■ **Directions**
Go through the following data and transcribe exactly the stretch of lines from the one holding "#338 = CARTESIAN_POINT" to the one holding "#15804 = CARTESIAN_POINT", both included.

☆ ☆ ☆ ☆ ☆ ☆ ☆

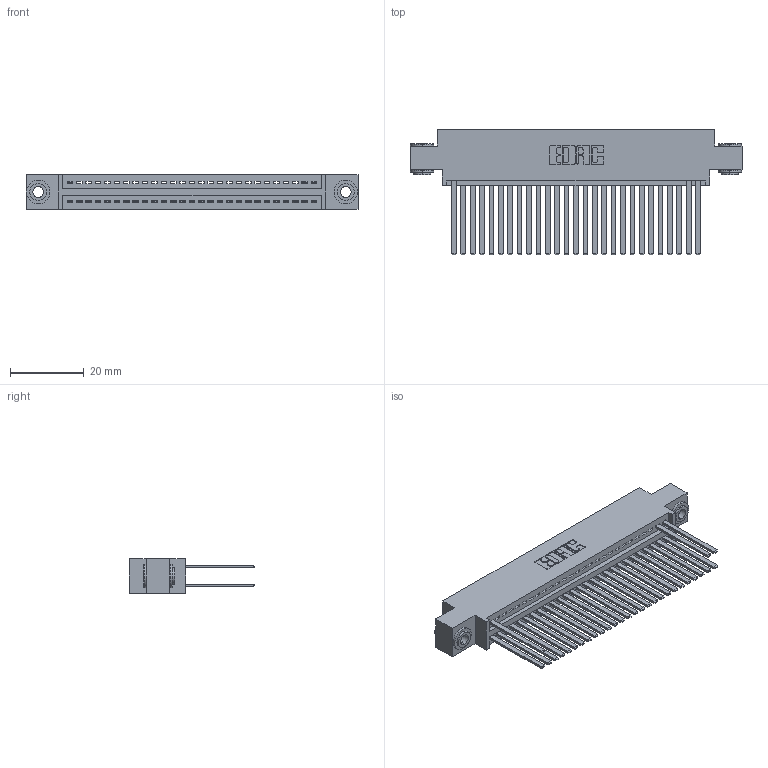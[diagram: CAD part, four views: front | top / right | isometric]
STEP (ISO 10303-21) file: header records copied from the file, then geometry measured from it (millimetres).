
FILE_DESCRIPTION (( 'STEP AP203' ), '1' );
FILE_NAME ('345-054-544-803.STEP', '2018-09-24T00:24:19', ( '' ), ( '' ), 'SwSTEP 2.0', 'SolidWorks 2016', '' );
FILE_SCHEMA (( 'CONFIG_CONTROL_DESIGN' ));
Length unit declared in the file: inch
Products named in the file (4): 345-250-002_345-250-002-102; 345-054-544-803; 345 Part_0.170 Offset - 0.156 Dia-TH; 345-292-001_345-293-144
Assembly tree (33 placements, depth 2):
  345-054-544-803
    345 Part_0.170 Offset - 0.156 Dia-TH
    345-292-001_345-293-144  x30
    345-250-002_345-250-002-102  x2
Bounding box: 89.79 x 33.96 x 9.4 mm (x, y, z)
Volume: 8693.2 mm3; surface area: 12915.1 mm2
Topology: 33 solids, 33 shells, 1680 faces, 5007 edges, 3294 vertices
Faces by surface type: plane 1132, cylinder 540, cone 8
Entity records: 23034 total; most frequent: CARTESIAN_POINT 3955, ORIENTED_EDGE 3906, DIRECTION 3507, EDGE_CURVE 1953, LINE 1693, VECTOR 1693, VERTEX_POINT 1298, AXIS2_PLACEMENT_3D 907
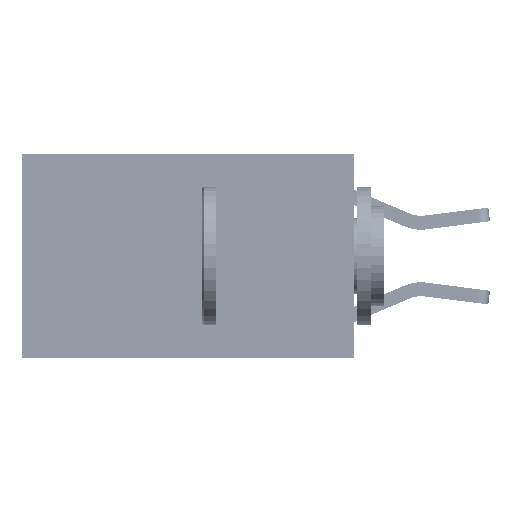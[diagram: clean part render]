
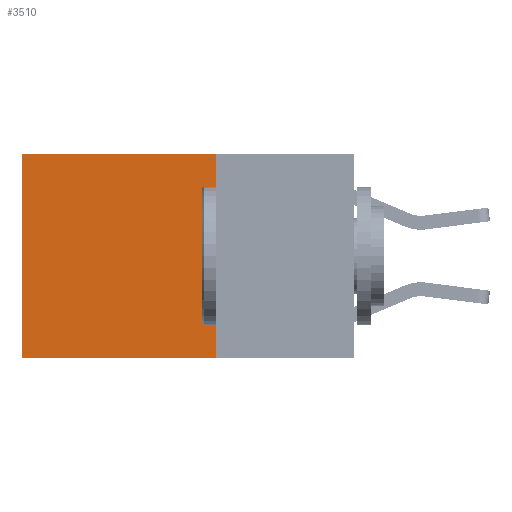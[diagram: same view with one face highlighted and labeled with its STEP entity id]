
A CAD part, left-side view. The second image highlights one B-rep face of the part: STEP entity #3510.
In plain terms, the highlighted planar face has unit normal (-1, 0, 0).
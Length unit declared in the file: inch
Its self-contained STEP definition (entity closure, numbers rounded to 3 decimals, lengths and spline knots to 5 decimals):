
#1331 = VECTOR ( 'NONE', #27494, 39.37008 ) ;
#1675 = CARTESIAN_POINT ( 'NONE',  ( 0.2625, 0.6, 0. ) ) ;
#2897 = LINE ( 'NONE', #7759, #1331 ) ;
#3510 = ADVANCED_FACE ( 'NONE', ( #31187 ), #18281, .F. ) ;
#3674 = VERTEX_POINT ( 'NONE', #21416 ) ;
#3971 = EDGE_CURVE ( 'NONE', #22927, #8727, #2897, .T. ) ;
#7759 = CARTESIAN_POINT ( 'NONE',  ( 0.2625, 0.25, -0.37 ) ) ;
#8482 = DIRECTION ( 'NONE',  ( 0., 0., -1. ) ) ;
#8705 = ORIENTED_EDGE ( 'NONE', *, *, #3971, .F. ) ;
#8727 = VERTEX_POINT ( 'NONE', #14023 ) ;
#9056 = CARTESIAN_POINT ( 'NONE',  ( 0.2625, 0.25, 0. ) ) ;
#9345 = DIRECTION ( 'NONE',  ( 0., 0., -1. ) ) ;
#9491 = VECTOR ( 'NONE', #14539, 39.37008 ) ;
#9523 = EDGE_CURVE ( 'NONE', #22454, #22927, #17684, .T. ) ;
#11375 = DIRECTION ( 'NONE',  ( 0., 1., 0. ) ) ;
#12327 = VECTOR ( 'NONE', #11375, 39.37008 ) ;
#14023 = CARTESIAN_POINT ( 'NONE',  ( 0.2625, 0.6, -0.37 ) ) ;
#14539 = DIRECTION ( 'NONE',  ( 0., 0., -1. ) ) ;
#14977 = LINE ( 'NONE', #1675, #28146 ) ;
#15037 = EDGE_LOOP ( 'NONE', ( #19021, #8705, #31765, #25660 ) ) ;
#15655 = DIRECTION ( 'NONE',  ( 1., 0., 0. ) ) ;
#17684 = LINE ( 'NONE', #29372, #9491 ) ;
#18281 = PLANE ( 'NONE',  #31235 ) ;
#18367 = CARTESIAN_POINT ( 'NONE',  ( 0.2625, 0.25, 0. ) ) ;
#19021 = ORIENTED_EDGE ( 'NONE', *, *, #21576, .T. ) ;
#20673 = EDGE_CURVE ( 'NONE', #22454, #3674, #23594, .T. ) ;
#21416 = CARTESIAN_POINT ( 'NONE',  ( 0.2625, 0.6, 0. ) ) ;
#21576 = EDGE_CURVE ( 'NONE', #3674, #8727, #14977, .T. ) ;
#22454 = VERTEX_POINT ( 'NONE', #9056 ) ;
#22927 = VERTEX_POINT ( 'NONE', #29340 ) ;
#23594 = LINE ( 'NONE', #23791, #12327 ) ;
#23791 = CARTESIAN_POINT ( 'NONE',  ( 0.2625, 0.25, 0. ) ) ;
#25660 = ORIENTED_EDGE ( 'NONE', *, *, #20673, .T. ) ;
#27494 = DIRECTION ( 'NONE',  ( 0., 1., 0. ) ) ;
#28146 = VECTOR ( 'NONE', #9345, 39.37008 ) ;
#29340 = CARTESIAN_POINT ( 'NONE',  ( 0.2625, 0.25, -0.37 ) ) ;
#29372 = CARTESIAN_POINT ( 'NONE',  ( 0.2625, 0.25, 0. ) ) ;
#31187 = FACE_OUTER_BOUND ( 'NONE', #15037, .T. ) ;
#31235 = AXIS2_PLACEMENT_3D ( 'NONE', #18367, #15655, #8482 ) ;
#31765 = ORIENTED_EDGE ( 'NONE', *, *, #9523, .F. ) ;
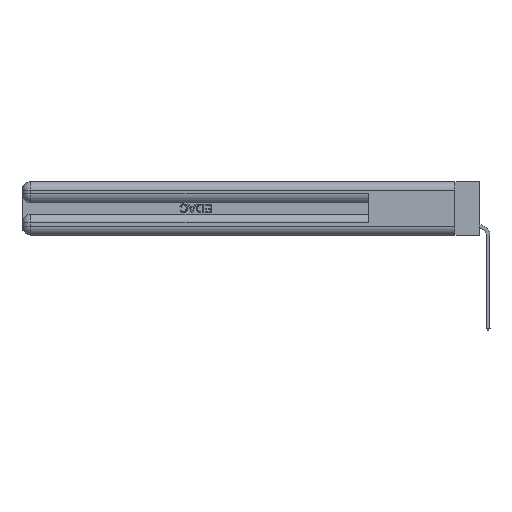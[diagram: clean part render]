
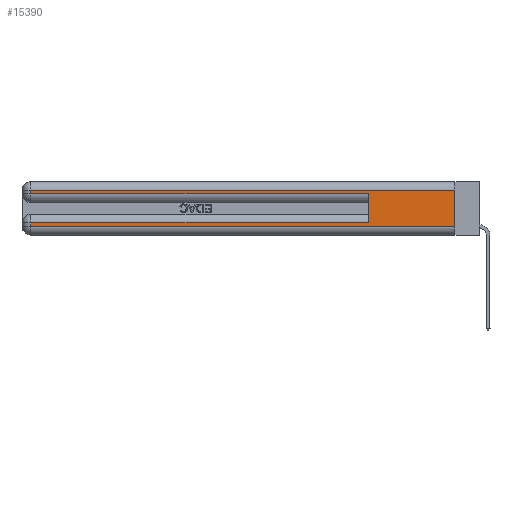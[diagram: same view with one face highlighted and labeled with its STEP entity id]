
A CAD part, left-side view. The second image highlights one B-rep face of the part: STEP entity #15390.
In plain terms, the highlighted planar face has unit normal (-1, 0, 0).
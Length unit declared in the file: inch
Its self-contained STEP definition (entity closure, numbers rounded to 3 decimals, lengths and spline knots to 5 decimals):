
#338 = CARTESIAN_POINT ( 'NONE',  ( 0., 0.6, 0.145 ) ) ;
#2221 = DIRECTION ( 'NONE',  ( 1., 0., 0. ) ) ;
#2296 = VERTEX_POINT ( 'NONE', #6157 ) ;
#2532 = DIRECTION ( 'NONE',  ( 0., 0., -1. ) ) ;
#2899 = ORIENTED_EDGE ( 'NONE', *, *, #14102, .T. ) ;
#2978 = CARTESIAN_POINT ( 'NONE',  ( 0., 0.6, 0.285 ) ) ;
#3041 = CARTESIAN_POINT ( 'NONE',  ( 0., 0., 0.31 ) ) ;
#3767 = EDGE_CURVE ( 'NONE', #10331, #2296, #27527, .T. ) ;
#3961 = VECTOR ( 'NONE', #26093, 39.37008 ) ;
#4933 = EDGE_LOOP ( 'NONE', ( #23599, #15849, #25005, #30454, #6063, #25901, #17833, #2899 ) ) ;
#5392 = DIRECTION ( 'NONE',  ( 0., 1., 0. ) ) ;
#6063 = ORIENTED_EDGE ( 'NONE', *, *, #21520, .F. ) ;
#6157 = CARTESIAN_POINT ( 'NONE',  ( 0., 2.94, 0.085 ) ) ;
#6209 = LINE ( 'NONE', #17558, #24236 ) ;
#6284 = VECTOR ( 'NONE', #9785, 39.37008 ) ;
#7019 = LINE ( 'NONE', #338, #6284 ) ;
#7044 = DIRECTION ( 'NONE',  ( 0., -1., 0. ) ) ;
#7170 = CARTESIAN_POINT ( 'NONE',  ( 0., 0., 0.37 ) ) ;
#9608 = CARTESIAN_POINT ( 'NONE',  ( 0., 0., 0.085 ) ) ;
#9785 = DIRECTION ( 'NONE',  ( 0., 0., 1. ) ) ;
#9939 = CARTESIAN_POINT ( 'NONE',  ( 0., 0.6, 0.085 ) ) ;
#10154 = VECTOR ( 'NONE', #18308, 39.37008 ) ;
#10331 = VERTEX_POINT ( 'NONE', #9939 ) ;
#10454 = FACE_OUTER_BOUND ( 'NONE', #4933, .T. ) ;
#11405 = DIRECTION ( 'NONE',  ( 0., 0., -1. ) ) ;
#11431 = LINE ( 'NONE', #30237, #17005 ) ;
#12386 = LINE ( 'NONE', #15804, #10154 ) ;
#12624 = VERTEX_POINT ( 'NONE', #24311 ) ;
#12975 = CARTESIAN_POINT ( 'NONE',  ( 0., 2.94, 0.285 ) ) ;
#13041 = VECTOR ( 'NONE', #2532, 39.37008 ) ;
#14102 = EDGE_CURVE ( 'NONE', #12624, #20122, #24152, .T. ) ;
#15390 = ADVANCED_FACE ( 'NONE', ( #10454 ), #25702, .F. ) ;
#15449 = EDGE_CURVE ( 'NONE', #15933, #20122, #19362, .T. ) ;
#15804 = CARTESIAN_POINT ( 'NONE',  ( 0., 2.94, 0.37 ) ) ;
#15849 = ORIENTED_EDGE ( 'NONE', *, *, #29845, .T. ) ;
#15933 = VERTEX_POINT ( 'NONE', #22914 ) ;
#16370 = CARTESIAN_POINT ( 'NONE',  ( 0., 0., 0.37 ) ) ;
#17005 = VECTOR ( 'NONE', #11405, 39.37008 ) ;
#17354 = DIRECTION ( 'NONE',  ( 0., -1., 0. ) ) ;
#17492 = EDGE_CURVE ( 'NONE', #28826, #19733, #12386, .T. ) ;
#17558 = CARTESIAN_POINT ( 'NONE',  ( 0., 0., 0.285 ) ) ;
#17833 = ORIENTED_EDGE ( 'NONE', *, *, #24480, .T. ) ;
#17896 = AXIS2_PLACEMENT_3D ( 'NONE', #16370, #2221, #18763 ) ;
#18308 = DIRECTION ( 'NONE',  ( 0., 0., -1. ) ) ;
#18763 = DIRECTION ( 'NONE',  ( 0., 0., -1. ) ) ;
#18841 = CARTESIAN_POINT ( 'NONE',  ( 0., 0., 0.06 ) ) ;
#19362 = LINE ( 'NONE', #7170, #13041 ) ;
#19733 = VERTEX_POINT ( 'NONE', #12975 ) ;
#20122 = VERTEX_POINT ( 'NONE', #23858 ) ;
#20264 = VERTEX_POINT ( 'NONE', #2978 ) ;
#20848 = CARTESIAN_POINT ( 'NONE',  ( 0., 2.94, 0.31 ) ) ;
#21520 = EDGE_CURVE ( 'NONE', #10331, #20264, #7019, .T. ) ;
#22914 = CARTESIAN_POINT ( 'NONE',  ( 0., 0., 0.31 ) ) ;
#22970 = VECTOR ( 'NONE', #5392, 39.37008 ) ;
#23599 = ORIENTED_EDGE ( 'NONE', *, *, #15449, .F. ) ;
#23858 = CARTESIAN_POINT ( 'NONE',  ( 0., 0., 0.06 ) ) ;
#24152 = LINE ( 'NONE', #18841, #29676 ) ;
#24236 = VECTOR ( 'NONE', #17354, 39.37008 ) ;
#24311 = CARTESIAN_POINT ( 'NONE',  ( 0., 2.94, 0.06 ) ) ;
#24480 = EDGE_CURVE ( 'NONE', #2296, #12624, #11431, .T. ) ;
#25005 = ORIENTED_EDGE ( 'NONE', *, *, #17492, .T. ) ;
#25571 = EDGE_CURVE ( 'NONE', #19733, #20264, #6209, .T. ) ;
#25702 = PLANE ( 'NONE',  #17896 ) ;
#25901 = ORIENTED_EDGE ( 'NONE', *, *, #3767, .T. ) ;
#26093 = DIRECTION ( 'NONE',  ( 0., 1., 0. ) ) ;
#27527 = LINE ( 'NONE', #9608, #3961 ) ;
#28468 = LINE ( 'NONE', #3041, #22970 ) ;
#28826 = VERTEX_POINT ( 'NONE', #20848 ) ;
#29676 = VECTOR ( 'NONE', #7044, 39.37008 ) ;
#29845 = EDGE_CURVE ( 'NONE', #15933, #28826, #28468, .T. ) ;
#30237 = CARTESIAN_POINT ( 'NONE',  ( 0., 2.94, 0.37 ) ) ;
#30454 = ORIENTED_EDGE ( 'NONE', *, *, #25571, .T. ) ;
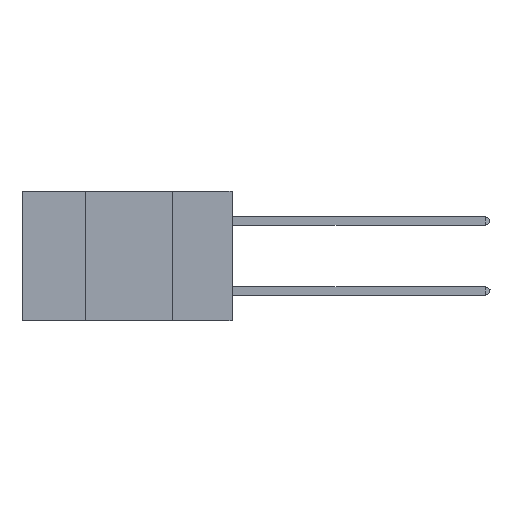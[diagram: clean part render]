
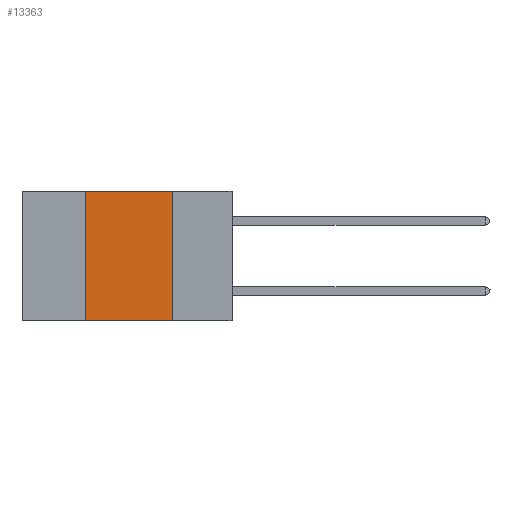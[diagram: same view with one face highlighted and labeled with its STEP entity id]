
A CAD part, left-side view. The second image highlights one B-rep face of the part: STEP entity #13363.
In plain terms, the highlighted planar face has unit normal (-1, 0, 0).
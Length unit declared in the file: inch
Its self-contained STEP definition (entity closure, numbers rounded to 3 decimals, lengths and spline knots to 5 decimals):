
#479 = LINE ( 'NONE', #1729, #13864 ) ;
#483 = DIRECTION ( 'NONE',  ( 0., 0., -1. ) ) ;
#563 = PLANE ( 'NONE',  #12438 ) ;
#624 = EDGE_LOOP ( 'NONE', ( #11215, #8594, #18084, #19519 ) ) ;
#1232 = DIRECTION ( 'NONE',  ( 0., 0., -1. ) ) ;
#1729 = CARTESIAN_POINT ( 'NONE',  ( 0., 0.42, 0. ) ) ;
#1748 = VERTEX_POINT ( 'NONE', #19026 ) ;
#1882 = VERTEX_POINT ( 'NONE', #5794 ) ;
#3162 = VECTOR ( 'NONE', #10267, 39.37008 ) ;
#3279 = CARTESIAN_POINT ( 'NONE',  ( 0., 0.42, 0. ) ) ;
#4358 = CARTESIAN_POINT ( 'NONE',  ( 0., 0.17, 0. ) ) ;
#5327 = DIRECTION ( 'NONE',  ( 0., -1., 0. ) ) ;
#5794 = CARTESIAN_POINT ( 'NONE',  ( 0., 0.42, -0.37 ) ) ;
#6574 = FACE_OUTER_BOUND ( 'NONE', #624, .T. ) ;
#6847 = LINE ( 'NONE', #9804, #14472 ) ;
#7021 = EDGE_CURVE ( 'NONE', #1882, #18543, #479, .T. ) ;
#7734 = EDGE_CURVE ( 'NONE', #18543, #1748, #6847, .T. ) ;
#8256 = VECTOR ( 'NONE', #1232, 39.37008 ) ;
#8594 = ORIENTED_EDGE ( 'NONE', *, *, #7734, .F. ) ;
#9662 = DIRECTION ( 'NONE',  ( 1., 0., 0. ) ) ;
#9804 = CARTESIAN_POINT ( 'NONE',  ( 0., 0.6, 0. ) ) ;
#10267 = DIRECTION ( 'NONE',  ( 0., -1., 0. ) ) ;
#10931 = DIRECTION ( 'NONE',  ( 0., 0., 1. ) ) ;
#11215 = ORIENTED_EDGE ( 'NONE', *, *, #18284, .F. ) ;
#11593 = CARTESIAN_POINT ( 'NONE',  ( 0., 0.6, -0.37 ) ) ;
#11597 = LINE ( 'NONE', #4358, #8256 ) ;
#12225 = VERTEX_POINT ( 'NONE', #17277 ) ;
#12438 = AXIS2_PLACEMENT_3D ( 'NONE', #14113, #9662, #483 ) ;
#13363 = ADVANCED_FACE ( 'NONE', ( #6574 ), #563, .F. ) ;
#13864 = VECTOR ( 'NONE', #10931, 39.37008 ) ;
#13914 = LINE ( 'NONE', #11593, #3162 ) ;
#14113 = CARTESIAN_POINT ( 'NONE',  ( 0., 0.6, 0. ) ) ;
#14472 = VECTOR ( 'NONE', #5327, 39.37008 ) ;
#17277 = CARTESIAN_POINT ( 'NONE',  ( 0., 0.17, -0.37 ) ) ;
#18084 = ORIENTED_EDGE ( 'NONE', *, *, #7021, .F. ) ;
#18284 = EDGE_CURVE ( 'NONE', #1748, #12225, #11597, .T. ) ;
#18543 = VERTEX_POINT ( 'NONE', #3279 ) ;
#19026 = CARTESIAN_POINT ( 'NONE',  ( 0., 0.17, 0. ) ) ;
#19519 = ORIENTED_EDGE ( 'NONE', *, *, #19658, .T. ) ;
#19658 = EDGE_CURVE ( 'NONE', #1882, #12225, #13914, .T. ) ;

☆ ☆ ☆ ☆ ☆ ☆ ☆

■ **Your solution**
#338 = CARTESIAN_POINT ( 'NONE',  ( 0., 0.6, 0.145 ) ) ;
#2221 = DIRECTION ( 'NONE',  ( 1., 0., 0. ) ) ;
#2296 = VERTEX_POINT ( 'NONE', #6157 ) ;
#2532 = DIRECTION ( 'NONE',  ( 0., 0., -1. ) ) ;
#2899 = ORIENTED_EDGE ( 'NONE', *, *, #14102, .T. ) ;
#2978 = CARTESIAN_POINT ( 'NONE',  ( 0., 0.6, 0.285 ) ) ;
#3041 = CARTESIAN_POINT ( 'NONE',  ( 0., 0., 0.31 ) ) ;
#3767 = EDGE_CURVE ( 'NONE', #10331, #2296, #27527, .T. ) ;
#3961 = VECTOR ( 'NONE', #26093, 39.37008 ) ;
#4933 = EDGE_LOOP ( 'NONE', ( #23599, #15849, #25005, #30454, #6063, #25901, #17833, #2899 ) ) ;
#5392 = DIRECTION ( 'NONE',  ( 0., 1., 0. ) ) ;
#6063 = ORIENTED_EDGE ( 'NONE', *, *, #21520, .F. ) ;
#6157 = CARTESIAN_POINT ( 'NONE',  ( 0., 2.94, 0.085 ) ) ;
#6209 = LINE ( 'NONE', #17558, #24236 ) ;
#6284 = VECTOR ( 'NONE', #9785, 39.37008 ) ;
#7019 = LINE ( 'NONE', #338, #6284 ) ;
#7044 = DIRECTION ( 'NONE',  ( 0., -1., 0. ) ) ;
#7170 = CARTESIAN_POINT ( 'NONE',  ( 0., 0., 0.37 ) ) ;
#9608 = CARTESIAN_POINT ( 'NONE',  ( 0., 0., 0.085 ) ) ;
#9785 = DIRECTION ( 'NONE',  ( 0., 0., 1. ) ) ;
#9939 = CARTESIAN_POINT ( 'NONE',  ( 0., 0.6, 0.085 ) ) ;
#10154 = VECTOR ( 'NONE', #18308, 39.37008 ) ;
#10331 = VERTEX_POINT ( 'NONE', #9939 ) ;
#10454 = FACE_OUTER_BOUND ( 'NONE', #4933, .T. ) ;
#11405 = DIRECTION ( 'NONE',  ( 0., 0., -1. ) ) ;
#11431 = LINE ( 'NONE', #30237, #17005 ) ;
#12386 = LINE ( 'NONE', #15804, #10154 ) ;
#12624 = VERTEX_POINT ( 'NONE', #24311 ) ;
#12975 = CARTESIAN_POINT ( 'NONE',  ( 0., 2.94, 0.285 ) ) ;
#13041 = VECTOR ( 'NONE', #2532, 39.37008 ) ;
#14102 = EDGE_CURVE ( 'NONE', #12624, #20122, #24152, .T. ) ;
#15390 = ADVANCED_FACE ( 'NONE', ( #10454 ), #25702, .F. ) ;
#15449 = EDGE_CURVE ( 'NONE', #15933, #20122, #19362, .T. ) ;
#15804 = CARTESIAN_POINT ( 'NONE',  ( 0., 2.94, 0.37 ) ) ;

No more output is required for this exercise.